Hat Ihr Konzept in der Eröffnungsphase der ['blu:boks] BERLIN im Sinne der Vision funktioniert? Welche Erfahrungen haben Sie in den ersten Wochen gesammelt?

Torsten Hebel: Teil unseres Konzeptes war es, die sogenannte „Kick-Off-Woche“ als Startpunkt für die Arbeit zu setzen. Ein großes Zelt mit Bühne und Lichtshow wurde aufgebaut, es gab Workshops am Vormittag und eine „Open Stage“ am Abend. Das hat die Kinder und Jugendlichen angezogen. Kein Flyer, keine Einladung und kein Zeitungsartikel werden Kinder je so begeistern können wie die Erfahrung, auf einer Bühne zu stehen. Das allein reichte aus, damit sich die Arbeit im Bezirk herumsprach. Die ganze Woche über besuchten uns über 300 begeisterte Kinder und Jugendliche aus dem Bezirk. Und 85 kamen ab dann auch mit ihren Freunden in unsere regulären Workshops unter der Woche. Gleichzeitig hatten wir als Team aber nicht viel Zeit, den Erfolg und Misserfolg der ersten Wochen zu messen. Wir waren zu sehr damit beschäftigt, uns miteinander abzustimmen. Das erwies sich als schwierig und führte am Anfang zu erheblichen Problemen. Wenn einzelne Mitarbeitende das Konzept der Arbeit nicht mittragen oder das Leitziel verfehlen, dann funktioniert die Zusammenarbeit nicht. Da habe ich Fehler gemacht, zu lange an Menschen festgehalten und Dinge laufen gelassen, die nicht gut waren. Manche Wege mussten sich dann schmerzlich trennen. Aber in der Startphase einer Gründung reagiert man öfter, als dass man agiert!

Wie hoch ist die Gefahr, gerade in der schwierigen Anfangsphase die eigentliche Vision aus den Augen zu verlieren?

Torsten Hebel: Sicherlich groß. Visionäre, die eine Arbeit beginnen, sollten immer ein Netzwerk um sich haben, in welchem sie ergänzt werden und Rücksprache halten können.
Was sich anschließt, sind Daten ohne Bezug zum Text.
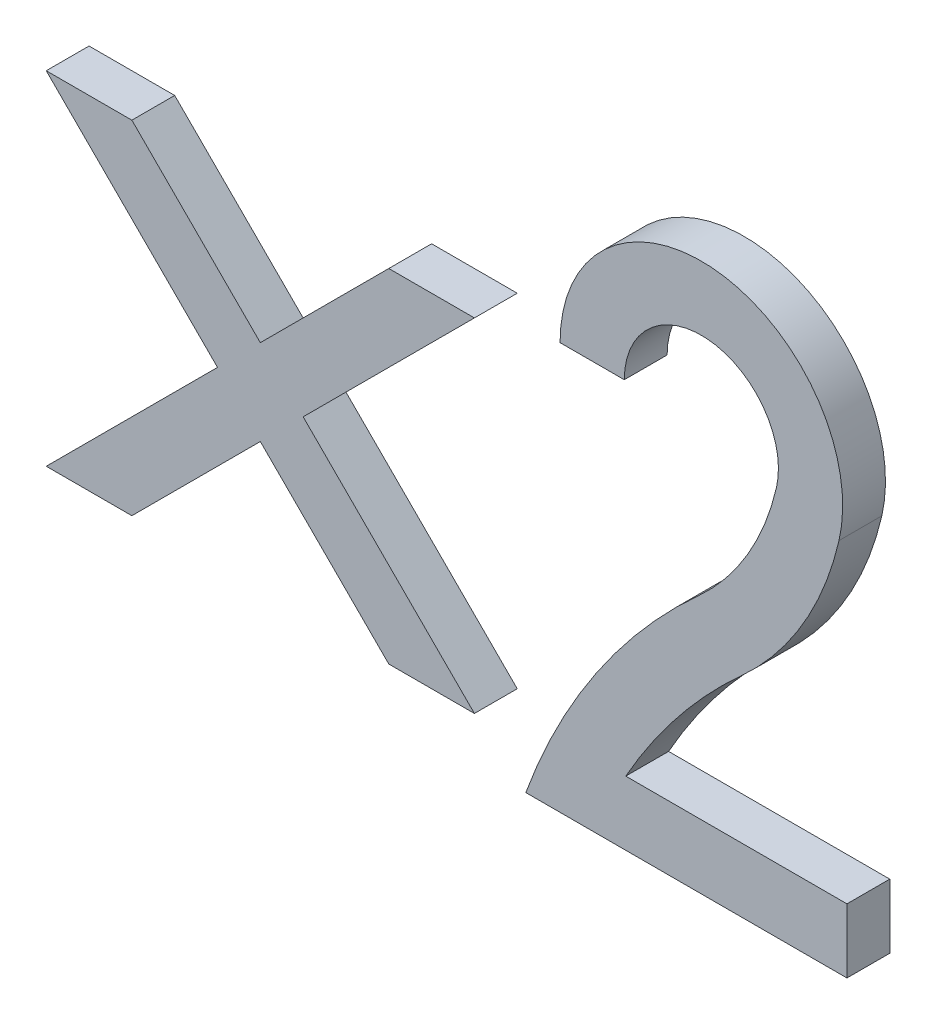
SolidWorks part; units mm, degrees
ref_plane "Front Plane" through (0, 0, 0) normal (0, 0, 1) x (1, 0, 0)
ref_plane "Top Plane" through (0, 0, 0) normal (0, 1, 0) x (1, 0, 0)
ref_plane "Right Plane" through (0, 0, 0) normal (1, 0, 0) x (0, 0, -1)
sketch "Sketch1" plane through (0, 0, 0) normal (0, 0, 1) x (1, 0, 0)
  line L0 (-50, 40) -> (-10, 0)
  line L1 (30, -40) -> (50, -40)
  line L2 (50, -40) -> (10, 0)
  line L3 (-30, 40) -> (-50, 40)
  line L4 (30, 40) -> (50, 40)
  line L5 (50, 40) -> (10, 0)
  line L6 (-30, -40) -> (-50, -40)
  line L7 (-50, -40) -> (-10, 0)
  line L8 (85.3427, -35) -> (137, -35)
  line L9 (62, -50) -> (137, -50)
  line L10 (0, -55) -> (0, 55) construction
  line L11 (55, 0) -> (-55, 0) construction
  line L12 (70, 45) -> (85, 45)
  line L13 (137, -50) -> (137, -35)
  line L14 (0, 10) -> (30, 40)
  line L15 (0, -10) -> (-30, -40)
  line L16 (0, 10) -> (-30, 40)
  line L17 (0, -10) -> (30, -40)
  arc A0 (85, 45) -> (120.5343, 40.9322) centre (103, 45) cw
  arc A1 (120.5343, 40.9322) -> (102.3421, 10) centre (62.0865, 54.4915) cw
  arc A2 (102.3421, 10) -> (62, -50) centre (202.9809, -101.2287) ccw
  arc A3 (70, 45) -> (135.1463, 37.5424) centre (103, 45) cw
  arc A4 (135.1463, 37.5424) -> (112.406, -1.1229) centre (62.0865, 54.4915) cw
  arc A5 (112.406, -1.1229) -> (85.3427, -35) centre (202.9809, -101.2287) ccw
  point P6 (0, 10)
  point P16 (-10, 0)
  point P18 (10, 0)
  point P19 (0, -10)
  point P20 (62, -50)
  point P25 (102.3292, 10)
  dimension "D9" = 18
  dimension "D10" = 60
  dimension "D11" = 150
  dimension "D2" = 20
  dimension "D3" = 100
  dimension "D4" = 80
  dimension "D5" = 10
  dimension "D6" = 12
  dimension "D7" = 5
  dimension "D8" = 20
  dimension "D12" = 75
  dimension "D1" = 15
extrude "Boss-Extrude1" add sketch "Sketch1" along normal blind 10
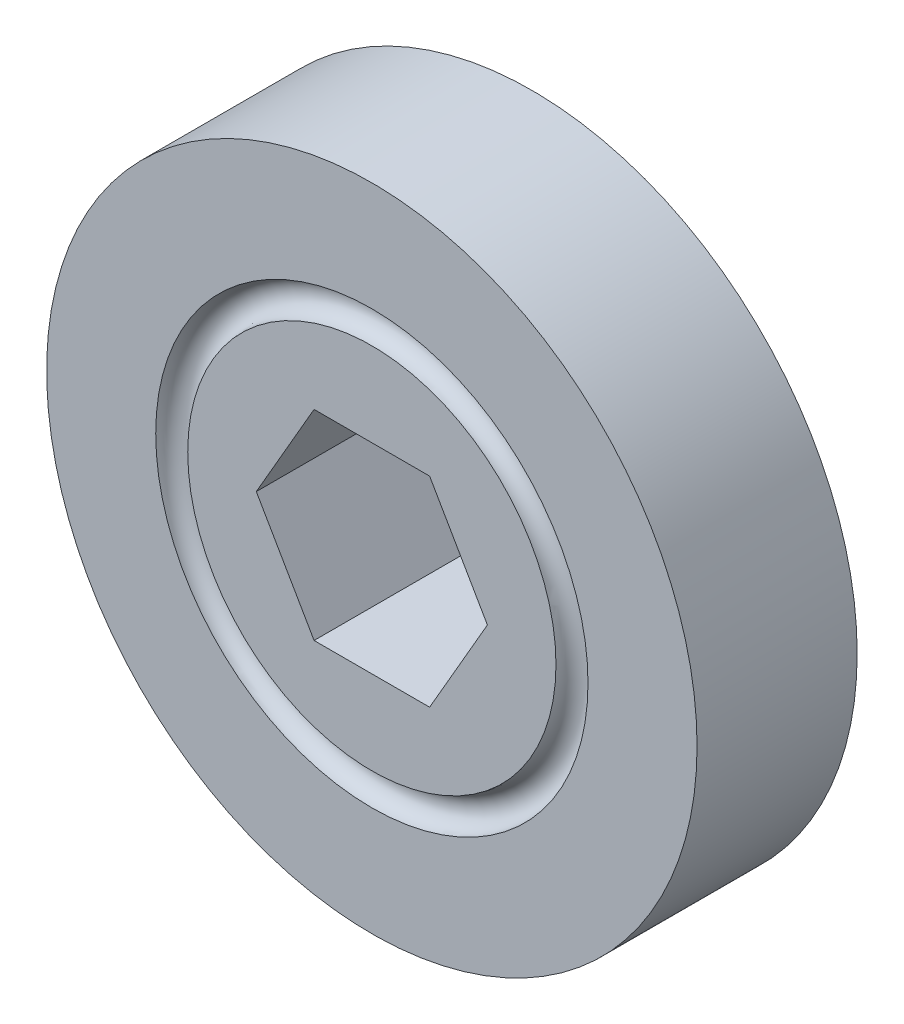
SolidWorks part; units mm, degrees
ref_plane "Front Plane" through (0, 0, 0) normal (0, 0, 1) x (1, 0, 0)
ref_plane "Top Plane" through (0, 0, 0) normal (0, 1, 0) x (1, 0, 0)
ref_plane "Right Plane" through (0, 0, 0) normal (1, 0, 0) x (0, 0, -1)
sketch "Sketch1" plane through (0, 0, 0) normal (1, 0, 0) x (0, 0, -1)
  line L0 (0, 0) -> (0, 20.6375) construction
  line L1 (-5.08, 20.6375) -> (5.08, 20.6375)
  line L2 (5.08, 20.6375) -> (5.08, 13.716)
  line L3 (5.08, 11.684) -> (5.08, 0)
  line L4 (-5.08, 11.684) -> (-5.08, 0)
  line L5 (-5.08, 20.6375) -> (-5.08, 13.716)
  line L6 (-5.08, 0) -> (5.08, 0)
  arc A0 (5.08, 13.716) -> (5.08, 11.684) centre (5.08, 12.7) ccw
  arc A1 (-5.08, 13.716) -> (-5.08, 11.684) centre (-5.08, 12.7) cw
  point P6 (0, 20.6375)
  dimension "D1" = 10.16
  dimension "D4" = 1.016
  dimension "D2" = 20.6375
  dimension "D3" = 12.7
revolve "Revolve1" add sketch "Sketch1" angle 360 about L6
sketch "Sketch2" plane through (0, 0, 5.08) normal (0, 0, 1) x (1, 0, 0)
  line L1 (-3.6662, 6.35) -> (-7.3323, 0)
  line L2 (-7.3323, 0) -> (-3.6662, -6.35)
  line L3 (-3.6662, -6.35) -> (3.6662, -6.35)
  line L4 (3.6662, -6.35) -> (7.3323, 0)
  line L5 (7.3323, 0) -> (3.6662, 6.35)
  line L6 (3.6662, 6.35) -> (-3.6662, 6.35)
  circle A0 centre (0, 0) radius 6.35 construction
  dimension "D1" = 12.7
extrude "Cut-Extrude1" cut sketch "Sketch2" against normal up to next
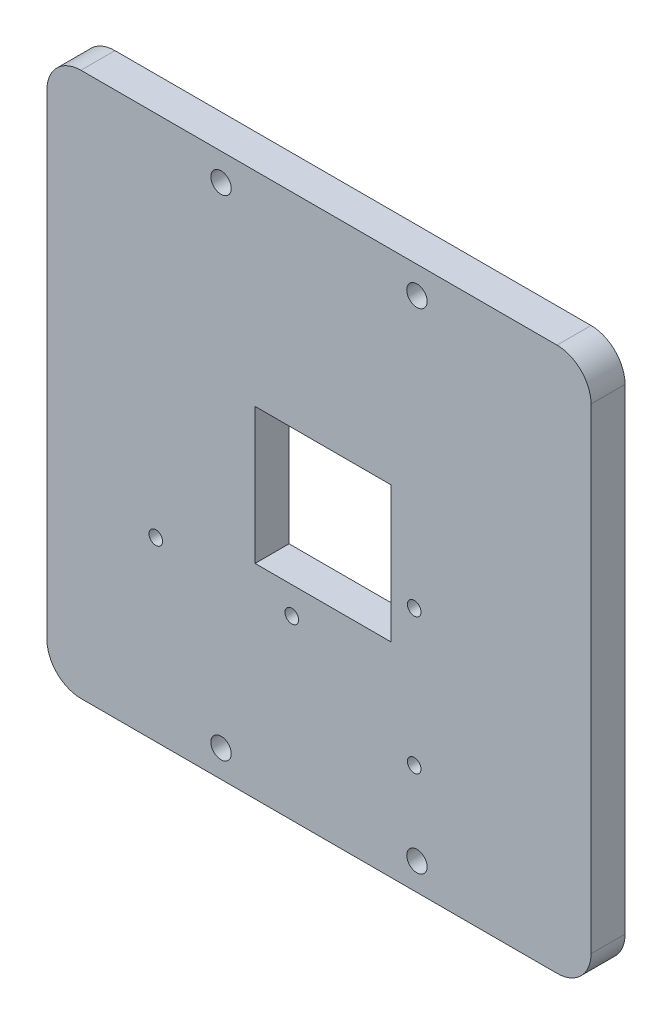
SolidWorks part; units mm, degrees
ref_plane "Plan de face" through (0, 0, 0) normal (0, 0, 1) x (1, 0, 0)
ref_plane "Plan de dessus" through (0, 0, 0) normal (0, 1, 0) x (1, 0, 0)
ref_plane "Plan de droite" through (0, 0, 0) normal (1, 0, 0) x (0, 0, -1)
sketch "Esquisse1" plane through (0, 0, 0) normal (0, 0, 1) x (1, 0, 0)
  line L0 (40, 50) -> (40, 80)
  line L1 (5, 0) -> (40, 0)
  line L2 (0, 5) -> (0, 75)
  line L3 (5, 80) -> (40, 80)
  line L4 (40, 0) -> (40, 30)
  line L9 (40, 50) -> (40, 30)
  circle A0 centre (25.6, 76) radius 1.5
  circle A1 centre (25.6, 4) radius 1.5
  arc A2 (5, 0) -> (0, 5) centre (5, 5) cw
  arc A3 (0, 75) -> (5, 80) centre (5, 75) cw
  point P9 (40, 40)
  point P16 (0, 0)
  point P19 (0, 80)
  dimension "D3" = 3
  dimension "D4" = 3
  dimension "D9" = 5
  dimension "D1" = 80
  dimension "D2" = 40
  dimension "D5" = 4
  dimension "D6" = 4
  dimension "D7" = 14.4
  dimension "D8" = 14.4
extrude "Boss.-Extru.1" add sketch "Esquisse1" along normal blind 5
mirror "Symétrie1" about plane through (40, 50, 5) normal (-1, 0, 0) of "Boss.-Extru.1"
sketch "Esquisse2" plane through (0, 0, 5) normal (0, 0, 1) x (1, 0, 0)
  line L0 (75, 80) -> (5, 80) construction
  line L1 (30.6, 50) -> (50.6, 50)
  line L2 (30.6, 50) -> (30.6, 30)
  line L3 (30.6, 30) -> (50.6, 30)
  line L4 (50.6, 50) -> (50.6, 30)
  line L5 (80, 75) -> (80, 5) construction
  dimension "D1" = 20
  dimension "D2" = 30
  dimension "D3" = 29.4
  dimension "D4" = 20
extrude "Enlèv. mat.-Extru.1" cut sketch "Esquisse2" against normal through all
sketch "Esquisse3" plane through (0, 0, 5) normal (0, 0, 1) x (1, 0, 0)
  circle A0 centre (54, 36) radius 1
  circle A1 centre (54, 16) radius 1
  circle A2 centre (36, 26) radius 1
  circle A3 centre (16, 26) radius 1
  dimension "D1" = 2
  dimension "D2" = 2
  dimension "D3" = 2
  dimension "D4" = 2
extrude "Enlèv. mat.-Extru.2" cut sketch "Esquisse3" against normal through all

Sie sollten auch Freunde um sich sammeln, denen sie unabhängig von ihrem Arbeitsumfeld begegnen. Diese Beziehungen machen Mut und können in kritischen Situationen bestärken und richtungsweisend sein. Das kann eine Gemeinde sein oder eine andere motivierende Gruppe, aber ganz allein ist es schwer.

Es gibt überall Not auf der Welt. Woher weiß ich, wo ich mich am sinnvollsten engagieren kann?

Torsten Hebel: Auch da gibt es sicherlich etliche Antworten. Manchmal findet man die Not in seinem unmittelbaren Umfeld. Unabhängig davon, ob es mit einem selbst oder seiner eigenen Lebensgeschichte zu tun hat. Man kommt daran gar nicht vorbei. Da gilt es in dem Moment etwas zu tun und einzugreifen. Das sehe ich als meine Aufgabe als Mensch und Christ: dort zu helfen und diese akute Not zu lindern. Wie schon erwähnt, bedeutet mir das Thema Wertschätzung und Resilienz viel, weil es in meiner Biografie begründet ist. Es ist mein Lebensthema. „Liebe deinen Nächsten wie dich selbst“, heißt es in der Bibel. Wer ist dein Nächster? Wo sind die kürzesten Wege zur Not des Nächsten? Ich gehe davon aus, dass man andere nur anstecken kann, wenn man selbst brennt. Am leichtesten brennen wir für das, was uns wirklich begeistert oder angeht. Gerade wenn es schwierig wird, ist es gut, eine Vision zu haben, die mit einem selbst zu tun hat. Es geht letztlich immer darum, seine eigenen Ressourcen zu nutzen.